[BUG/Help] TypeError reported when model.chat() called

Open lixjohn opened this issue 1 year ago • 0 comments

Is there an existing issue for this?

[X] I have searched the existing issues

Current Behavior

To run chatglm-6b-int4 on my local machine, I use example code as follow _from transformers import AutoTokenizer, AutoModel import torch

modelname = "D:\\models\\zhipu\\chatglm-6b-int4"

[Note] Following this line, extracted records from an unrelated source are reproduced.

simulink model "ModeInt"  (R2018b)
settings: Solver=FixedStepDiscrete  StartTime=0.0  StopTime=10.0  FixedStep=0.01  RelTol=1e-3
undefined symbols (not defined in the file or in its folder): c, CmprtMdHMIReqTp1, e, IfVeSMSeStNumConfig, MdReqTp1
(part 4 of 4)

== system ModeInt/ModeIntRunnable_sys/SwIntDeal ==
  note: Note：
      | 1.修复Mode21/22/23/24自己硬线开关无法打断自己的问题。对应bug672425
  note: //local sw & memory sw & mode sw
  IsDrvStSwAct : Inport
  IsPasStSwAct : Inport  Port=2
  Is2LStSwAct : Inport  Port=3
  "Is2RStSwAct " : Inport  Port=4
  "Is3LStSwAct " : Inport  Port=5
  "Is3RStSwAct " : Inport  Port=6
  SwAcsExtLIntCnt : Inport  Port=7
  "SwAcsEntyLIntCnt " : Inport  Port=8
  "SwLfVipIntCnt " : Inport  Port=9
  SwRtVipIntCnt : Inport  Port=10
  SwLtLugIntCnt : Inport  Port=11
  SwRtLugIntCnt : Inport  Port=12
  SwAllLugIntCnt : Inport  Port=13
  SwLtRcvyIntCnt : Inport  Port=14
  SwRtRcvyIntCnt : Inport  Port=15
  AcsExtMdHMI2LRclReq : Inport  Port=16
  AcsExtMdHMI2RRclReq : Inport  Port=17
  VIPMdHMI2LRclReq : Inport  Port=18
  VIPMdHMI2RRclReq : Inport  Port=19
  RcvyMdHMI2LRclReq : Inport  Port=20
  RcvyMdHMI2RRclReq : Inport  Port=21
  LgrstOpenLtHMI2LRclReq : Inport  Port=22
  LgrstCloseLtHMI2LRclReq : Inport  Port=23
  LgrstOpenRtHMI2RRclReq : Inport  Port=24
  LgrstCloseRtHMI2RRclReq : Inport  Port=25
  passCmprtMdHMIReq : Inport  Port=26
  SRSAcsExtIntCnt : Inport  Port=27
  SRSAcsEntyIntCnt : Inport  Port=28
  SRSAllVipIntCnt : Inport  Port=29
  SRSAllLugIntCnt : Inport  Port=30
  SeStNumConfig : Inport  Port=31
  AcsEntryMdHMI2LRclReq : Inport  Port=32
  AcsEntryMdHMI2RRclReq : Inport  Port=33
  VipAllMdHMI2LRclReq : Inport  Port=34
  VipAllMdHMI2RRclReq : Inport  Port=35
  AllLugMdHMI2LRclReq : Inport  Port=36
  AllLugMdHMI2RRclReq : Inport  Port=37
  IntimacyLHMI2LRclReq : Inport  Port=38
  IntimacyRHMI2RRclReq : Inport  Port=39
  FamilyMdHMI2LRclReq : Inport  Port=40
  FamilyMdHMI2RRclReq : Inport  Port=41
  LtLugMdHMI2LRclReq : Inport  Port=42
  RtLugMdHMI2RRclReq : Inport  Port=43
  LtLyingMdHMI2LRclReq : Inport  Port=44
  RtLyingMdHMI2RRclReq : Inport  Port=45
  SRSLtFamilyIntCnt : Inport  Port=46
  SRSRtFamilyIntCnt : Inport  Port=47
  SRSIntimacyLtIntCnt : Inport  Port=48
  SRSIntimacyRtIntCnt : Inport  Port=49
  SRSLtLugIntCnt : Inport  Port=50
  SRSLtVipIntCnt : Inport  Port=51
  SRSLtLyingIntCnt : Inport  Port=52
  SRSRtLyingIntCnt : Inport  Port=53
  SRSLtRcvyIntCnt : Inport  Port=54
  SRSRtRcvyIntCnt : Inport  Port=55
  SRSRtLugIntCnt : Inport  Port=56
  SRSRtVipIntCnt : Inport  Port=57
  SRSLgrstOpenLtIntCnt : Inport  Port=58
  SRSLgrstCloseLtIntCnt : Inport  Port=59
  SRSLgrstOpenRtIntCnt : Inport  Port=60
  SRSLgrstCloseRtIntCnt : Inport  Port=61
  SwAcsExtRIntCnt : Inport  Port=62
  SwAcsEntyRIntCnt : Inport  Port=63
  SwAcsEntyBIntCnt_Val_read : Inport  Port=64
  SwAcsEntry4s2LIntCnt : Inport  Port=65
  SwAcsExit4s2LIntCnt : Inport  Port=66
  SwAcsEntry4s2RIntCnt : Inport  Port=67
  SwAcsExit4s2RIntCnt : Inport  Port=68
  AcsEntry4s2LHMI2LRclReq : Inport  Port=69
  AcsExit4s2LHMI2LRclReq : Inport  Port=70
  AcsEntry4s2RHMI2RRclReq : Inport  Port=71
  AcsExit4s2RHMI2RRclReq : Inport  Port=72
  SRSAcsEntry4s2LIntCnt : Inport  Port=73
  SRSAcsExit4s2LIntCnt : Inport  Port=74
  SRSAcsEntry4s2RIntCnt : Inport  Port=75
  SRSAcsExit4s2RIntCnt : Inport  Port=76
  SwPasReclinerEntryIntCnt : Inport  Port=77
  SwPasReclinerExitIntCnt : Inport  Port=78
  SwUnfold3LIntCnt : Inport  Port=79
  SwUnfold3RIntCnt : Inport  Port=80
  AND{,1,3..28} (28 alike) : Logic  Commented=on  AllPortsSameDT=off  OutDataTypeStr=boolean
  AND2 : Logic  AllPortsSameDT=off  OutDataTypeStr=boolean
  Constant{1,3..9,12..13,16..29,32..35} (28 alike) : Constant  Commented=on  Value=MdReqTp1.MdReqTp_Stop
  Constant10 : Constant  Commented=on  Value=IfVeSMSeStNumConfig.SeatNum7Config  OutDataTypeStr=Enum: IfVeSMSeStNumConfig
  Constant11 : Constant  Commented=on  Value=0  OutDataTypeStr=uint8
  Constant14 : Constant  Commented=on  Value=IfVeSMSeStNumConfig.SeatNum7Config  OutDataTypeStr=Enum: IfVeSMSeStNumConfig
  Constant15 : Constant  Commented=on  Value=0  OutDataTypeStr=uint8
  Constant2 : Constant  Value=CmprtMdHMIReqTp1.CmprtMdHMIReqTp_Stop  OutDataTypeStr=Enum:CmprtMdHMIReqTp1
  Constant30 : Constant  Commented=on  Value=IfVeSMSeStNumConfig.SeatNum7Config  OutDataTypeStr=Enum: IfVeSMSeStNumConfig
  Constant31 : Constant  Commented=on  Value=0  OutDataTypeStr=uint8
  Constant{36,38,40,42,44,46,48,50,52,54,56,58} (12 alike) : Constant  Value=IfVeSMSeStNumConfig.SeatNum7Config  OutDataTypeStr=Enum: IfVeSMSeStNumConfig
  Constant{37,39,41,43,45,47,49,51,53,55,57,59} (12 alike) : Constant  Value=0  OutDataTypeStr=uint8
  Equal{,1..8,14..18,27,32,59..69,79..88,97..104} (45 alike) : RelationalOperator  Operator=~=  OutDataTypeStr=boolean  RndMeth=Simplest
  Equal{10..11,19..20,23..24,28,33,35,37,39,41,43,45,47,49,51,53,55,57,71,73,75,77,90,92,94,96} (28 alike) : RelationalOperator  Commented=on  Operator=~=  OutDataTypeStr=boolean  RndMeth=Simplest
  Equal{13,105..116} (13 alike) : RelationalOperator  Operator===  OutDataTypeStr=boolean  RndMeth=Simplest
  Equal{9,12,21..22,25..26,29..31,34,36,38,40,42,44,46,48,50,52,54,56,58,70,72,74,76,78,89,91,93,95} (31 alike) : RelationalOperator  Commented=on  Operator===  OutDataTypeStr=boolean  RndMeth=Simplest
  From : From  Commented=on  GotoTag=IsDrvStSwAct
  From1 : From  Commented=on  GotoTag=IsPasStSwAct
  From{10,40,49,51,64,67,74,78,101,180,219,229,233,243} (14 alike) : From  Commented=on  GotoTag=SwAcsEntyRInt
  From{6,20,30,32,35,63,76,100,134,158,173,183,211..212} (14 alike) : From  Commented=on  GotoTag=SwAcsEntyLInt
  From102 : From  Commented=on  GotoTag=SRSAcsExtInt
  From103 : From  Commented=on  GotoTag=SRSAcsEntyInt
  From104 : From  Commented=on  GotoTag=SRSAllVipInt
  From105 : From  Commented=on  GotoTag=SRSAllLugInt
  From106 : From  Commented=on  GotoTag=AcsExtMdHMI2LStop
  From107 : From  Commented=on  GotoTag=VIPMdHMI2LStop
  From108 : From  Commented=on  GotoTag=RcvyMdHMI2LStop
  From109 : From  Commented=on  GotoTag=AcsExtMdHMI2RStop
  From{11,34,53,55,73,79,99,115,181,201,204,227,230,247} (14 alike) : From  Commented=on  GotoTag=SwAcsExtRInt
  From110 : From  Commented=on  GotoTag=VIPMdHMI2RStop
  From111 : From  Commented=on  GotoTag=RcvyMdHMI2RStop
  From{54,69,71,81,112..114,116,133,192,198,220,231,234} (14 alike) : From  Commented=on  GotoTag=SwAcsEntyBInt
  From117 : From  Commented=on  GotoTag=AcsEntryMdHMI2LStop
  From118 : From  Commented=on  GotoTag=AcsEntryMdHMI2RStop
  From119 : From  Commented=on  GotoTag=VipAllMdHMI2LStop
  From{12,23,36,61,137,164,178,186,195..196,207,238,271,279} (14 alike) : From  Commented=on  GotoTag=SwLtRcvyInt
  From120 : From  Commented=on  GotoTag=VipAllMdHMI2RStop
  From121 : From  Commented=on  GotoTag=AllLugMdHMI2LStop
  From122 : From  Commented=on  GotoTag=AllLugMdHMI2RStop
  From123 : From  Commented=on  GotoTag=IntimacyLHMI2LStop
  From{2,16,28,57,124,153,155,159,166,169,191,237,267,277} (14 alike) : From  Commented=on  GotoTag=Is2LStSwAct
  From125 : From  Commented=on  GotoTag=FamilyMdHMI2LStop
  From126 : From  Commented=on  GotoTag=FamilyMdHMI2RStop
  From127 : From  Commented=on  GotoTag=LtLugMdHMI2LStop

tokenizer = AutoTokenizer.from_pretrained(modelname, trust_remote_code=True)
model = AutoModel.from_pretrained(modelname, trust_remote_code=True).float()
model = model.quantize(bits=4, kernel_file="D:\\models\\zhipu\\chatglm-6b-int4\\quantization_kernels_parallel.so")
message = '你好'
response, history = model.chat(tokenizer, message, history=[])
print(response)

response, history = model.chat(tokenizer, "晚上睡不着应该怎么办", history=history)
print(response)_

However, I got TypeError: expected Tensor as element 0 in argument 0, but got tuple when I run this code, please see error messsage in attach file[ Error Message.txt ](url)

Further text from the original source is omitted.